Service composition and service browsing. Path creation is the composition of multiple services to make a new service. Another useful feature is the ability to browse available services. There seem to be reasonable solutions to both these problems in centralized service discovery systems. Are there reasonable ways to enable these in a distributed service discovery system?
Protocol evolution. End-to-end protocols are deployed rapidly today (e.g. SACK was effectively deployed in 3 years) because end-hosts are frequently replaced or upgraded. In a future environment with many more embedded devices, it is less likely that devices will be updated. The architecture of end-node protocols stacks have to modified to enable automated upgrading and evolution. Unfortunately, because end nodes may be extremely simple the solution of active networks may not be as applicable (not every node will be able to support the active programming environment). Perhaps some negotiation techniques for features may provide some middle ground?

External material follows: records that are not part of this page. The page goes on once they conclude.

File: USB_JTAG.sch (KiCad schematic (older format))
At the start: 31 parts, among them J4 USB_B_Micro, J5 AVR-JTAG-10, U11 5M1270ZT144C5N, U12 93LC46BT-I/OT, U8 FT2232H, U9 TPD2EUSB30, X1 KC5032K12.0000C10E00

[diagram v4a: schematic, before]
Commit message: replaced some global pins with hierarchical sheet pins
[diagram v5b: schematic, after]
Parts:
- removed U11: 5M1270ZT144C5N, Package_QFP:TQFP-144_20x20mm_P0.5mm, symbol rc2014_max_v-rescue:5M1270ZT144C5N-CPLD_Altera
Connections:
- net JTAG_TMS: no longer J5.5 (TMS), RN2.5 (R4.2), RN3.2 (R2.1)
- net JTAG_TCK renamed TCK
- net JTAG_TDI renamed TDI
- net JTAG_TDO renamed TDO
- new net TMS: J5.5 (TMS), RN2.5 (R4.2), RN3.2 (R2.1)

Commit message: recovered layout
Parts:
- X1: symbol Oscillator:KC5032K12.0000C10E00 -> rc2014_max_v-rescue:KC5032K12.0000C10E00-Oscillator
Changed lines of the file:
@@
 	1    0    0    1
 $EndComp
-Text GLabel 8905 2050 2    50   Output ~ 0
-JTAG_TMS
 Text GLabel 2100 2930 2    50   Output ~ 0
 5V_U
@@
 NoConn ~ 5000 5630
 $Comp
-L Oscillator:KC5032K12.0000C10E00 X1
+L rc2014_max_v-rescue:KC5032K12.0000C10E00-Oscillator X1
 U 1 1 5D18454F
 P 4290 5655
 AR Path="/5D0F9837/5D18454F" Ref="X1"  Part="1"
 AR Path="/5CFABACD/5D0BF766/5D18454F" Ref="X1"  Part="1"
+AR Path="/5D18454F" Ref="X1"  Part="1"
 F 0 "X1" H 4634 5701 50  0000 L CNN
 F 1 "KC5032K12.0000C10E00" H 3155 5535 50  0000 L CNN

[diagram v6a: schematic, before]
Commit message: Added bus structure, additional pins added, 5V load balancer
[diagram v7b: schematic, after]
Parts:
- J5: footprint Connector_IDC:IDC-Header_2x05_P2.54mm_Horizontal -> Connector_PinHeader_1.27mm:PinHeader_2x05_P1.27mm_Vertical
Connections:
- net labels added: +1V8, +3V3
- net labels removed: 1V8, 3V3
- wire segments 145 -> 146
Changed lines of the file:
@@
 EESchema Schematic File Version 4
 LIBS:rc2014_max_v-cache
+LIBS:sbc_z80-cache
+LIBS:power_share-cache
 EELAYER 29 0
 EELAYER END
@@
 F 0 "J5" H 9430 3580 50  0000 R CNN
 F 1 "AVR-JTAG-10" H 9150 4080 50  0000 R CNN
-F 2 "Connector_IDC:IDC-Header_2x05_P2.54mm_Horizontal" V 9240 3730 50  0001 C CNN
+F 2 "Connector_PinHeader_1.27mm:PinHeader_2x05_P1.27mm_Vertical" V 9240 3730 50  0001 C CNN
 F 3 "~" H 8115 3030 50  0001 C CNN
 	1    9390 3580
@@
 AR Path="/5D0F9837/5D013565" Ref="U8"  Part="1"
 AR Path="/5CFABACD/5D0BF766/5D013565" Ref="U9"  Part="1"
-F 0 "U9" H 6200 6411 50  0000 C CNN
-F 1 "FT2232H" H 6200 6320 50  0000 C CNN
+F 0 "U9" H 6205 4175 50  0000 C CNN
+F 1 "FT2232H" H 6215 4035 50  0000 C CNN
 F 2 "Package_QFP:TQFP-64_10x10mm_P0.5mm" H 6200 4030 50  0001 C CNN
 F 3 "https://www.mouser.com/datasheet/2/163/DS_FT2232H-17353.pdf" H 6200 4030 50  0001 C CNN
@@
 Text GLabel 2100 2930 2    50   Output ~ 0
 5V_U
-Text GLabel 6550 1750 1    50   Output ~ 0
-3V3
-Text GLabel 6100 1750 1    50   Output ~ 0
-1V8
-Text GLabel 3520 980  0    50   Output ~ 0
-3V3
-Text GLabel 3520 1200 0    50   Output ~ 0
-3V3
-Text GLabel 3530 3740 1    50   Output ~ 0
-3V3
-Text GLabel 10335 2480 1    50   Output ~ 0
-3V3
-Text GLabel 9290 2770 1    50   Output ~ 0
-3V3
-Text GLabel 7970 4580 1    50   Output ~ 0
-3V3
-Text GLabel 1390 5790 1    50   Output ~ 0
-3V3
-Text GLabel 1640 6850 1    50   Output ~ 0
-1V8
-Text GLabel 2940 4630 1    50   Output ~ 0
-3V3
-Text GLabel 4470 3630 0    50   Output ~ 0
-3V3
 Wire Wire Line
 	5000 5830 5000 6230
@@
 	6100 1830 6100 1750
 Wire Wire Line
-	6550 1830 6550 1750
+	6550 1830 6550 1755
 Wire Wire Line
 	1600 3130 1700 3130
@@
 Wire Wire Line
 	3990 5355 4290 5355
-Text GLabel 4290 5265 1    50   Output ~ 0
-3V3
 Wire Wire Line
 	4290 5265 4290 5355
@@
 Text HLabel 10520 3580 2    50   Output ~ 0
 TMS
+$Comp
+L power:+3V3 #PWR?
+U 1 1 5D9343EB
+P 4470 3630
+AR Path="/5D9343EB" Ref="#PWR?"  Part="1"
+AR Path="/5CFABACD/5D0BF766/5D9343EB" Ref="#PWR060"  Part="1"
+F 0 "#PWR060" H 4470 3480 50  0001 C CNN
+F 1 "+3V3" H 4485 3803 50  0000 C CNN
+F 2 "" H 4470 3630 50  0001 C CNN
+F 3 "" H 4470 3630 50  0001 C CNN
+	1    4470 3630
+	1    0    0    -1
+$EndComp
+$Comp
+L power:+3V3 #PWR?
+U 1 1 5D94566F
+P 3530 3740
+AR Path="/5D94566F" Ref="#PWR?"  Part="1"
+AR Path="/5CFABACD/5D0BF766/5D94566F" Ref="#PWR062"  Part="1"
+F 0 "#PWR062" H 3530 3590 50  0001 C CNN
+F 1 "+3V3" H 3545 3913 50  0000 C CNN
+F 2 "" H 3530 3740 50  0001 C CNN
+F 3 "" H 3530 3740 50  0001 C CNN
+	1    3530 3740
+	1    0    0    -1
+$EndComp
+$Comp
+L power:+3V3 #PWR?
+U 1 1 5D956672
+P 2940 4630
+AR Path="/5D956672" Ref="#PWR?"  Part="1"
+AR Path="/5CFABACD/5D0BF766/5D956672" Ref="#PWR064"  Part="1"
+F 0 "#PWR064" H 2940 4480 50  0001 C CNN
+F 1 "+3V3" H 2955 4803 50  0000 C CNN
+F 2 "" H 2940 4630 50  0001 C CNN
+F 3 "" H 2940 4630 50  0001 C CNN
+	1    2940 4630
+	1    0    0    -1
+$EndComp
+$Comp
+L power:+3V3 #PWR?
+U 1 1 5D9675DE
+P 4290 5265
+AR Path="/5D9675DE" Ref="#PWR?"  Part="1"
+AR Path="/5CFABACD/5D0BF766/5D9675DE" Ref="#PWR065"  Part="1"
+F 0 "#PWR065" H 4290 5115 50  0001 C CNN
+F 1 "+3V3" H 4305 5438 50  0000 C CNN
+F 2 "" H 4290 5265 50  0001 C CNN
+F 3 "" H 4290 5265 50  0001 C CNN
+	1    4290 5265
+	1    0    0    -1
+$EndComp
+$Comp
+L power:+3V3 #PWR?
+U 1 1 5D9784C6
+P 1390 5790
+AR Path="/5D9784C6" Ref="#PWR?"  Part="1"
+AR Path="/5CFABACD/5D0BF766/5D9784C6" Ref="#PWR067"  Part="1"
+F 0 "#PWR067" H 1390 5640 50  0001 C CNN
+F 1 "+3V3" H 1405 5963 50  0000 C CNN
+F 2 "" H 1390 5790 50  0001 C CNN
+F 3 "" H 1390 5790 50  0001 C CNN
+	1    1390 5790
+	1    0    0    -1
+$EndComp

Analysis of performance/algorithms/workload
Better techniques to search P2P systems
using them for something other than standard file sharing... e.g. chat groups, mail/netnews service, anonymized routing...
Ad-hoc routing with additional constraints (power, fan-out, etc..)
Effective use of power control in adhoc
Ad hoc for improved coverage in cellular systems - i.e. could you use adhoc only in the coverage holes... how would you design your routing differently?
Ad hoc w/ HW link evolution. Because of the nature of the devices involved and the design of radio systems, it is likely that many different radio technologies will need to co-exist in this environment. Current routing techniques focus on mobility and geographic range. However, routing in this new environment will need to optimize for bridging, spectrum usage and power consumption.
Can you use multi-rate radios and power control to minimize power for given application requirements?
A new transport protocol for the Web that provides better support for interception and redirection (i.e. caching and replication)
Look at packet classification using FPGA and similar hardware
Parallelized firewall processing...
intrusion detections systems
detecting virus/worm propagation
CMU core measurements?
If none of the above projects interests you and you aren't able to come up with one on your own, here are a couple of suggestions ("algorithm") to get you started in finding a project that does.
Find some problem/area in networking that you like (or better still, that truly excites you, and/or that seems of immediate and important relevence to you). Then address the following questions:
Has a solution been posed to this problem in the past and, if so, what do you think of it?
If a solution has been proposed, has it been simulated properly?
If the system has been simulated, does anyone understand its mathematical properties?
If the system has been simulated and theoretically modeled, has it been implemented and its performance studied under realistic conditions?
Is the solution scalable? Is it secure? How well does it hold up in the face of failures? Will it work in hetoregenous environments? Will it stand up to coming advances in technology?
If several solutions have been proposed, has anyone performed a comparative study of them? Why do some schemes work better than others? Can we characterize the conditions under which some schemes work better than others.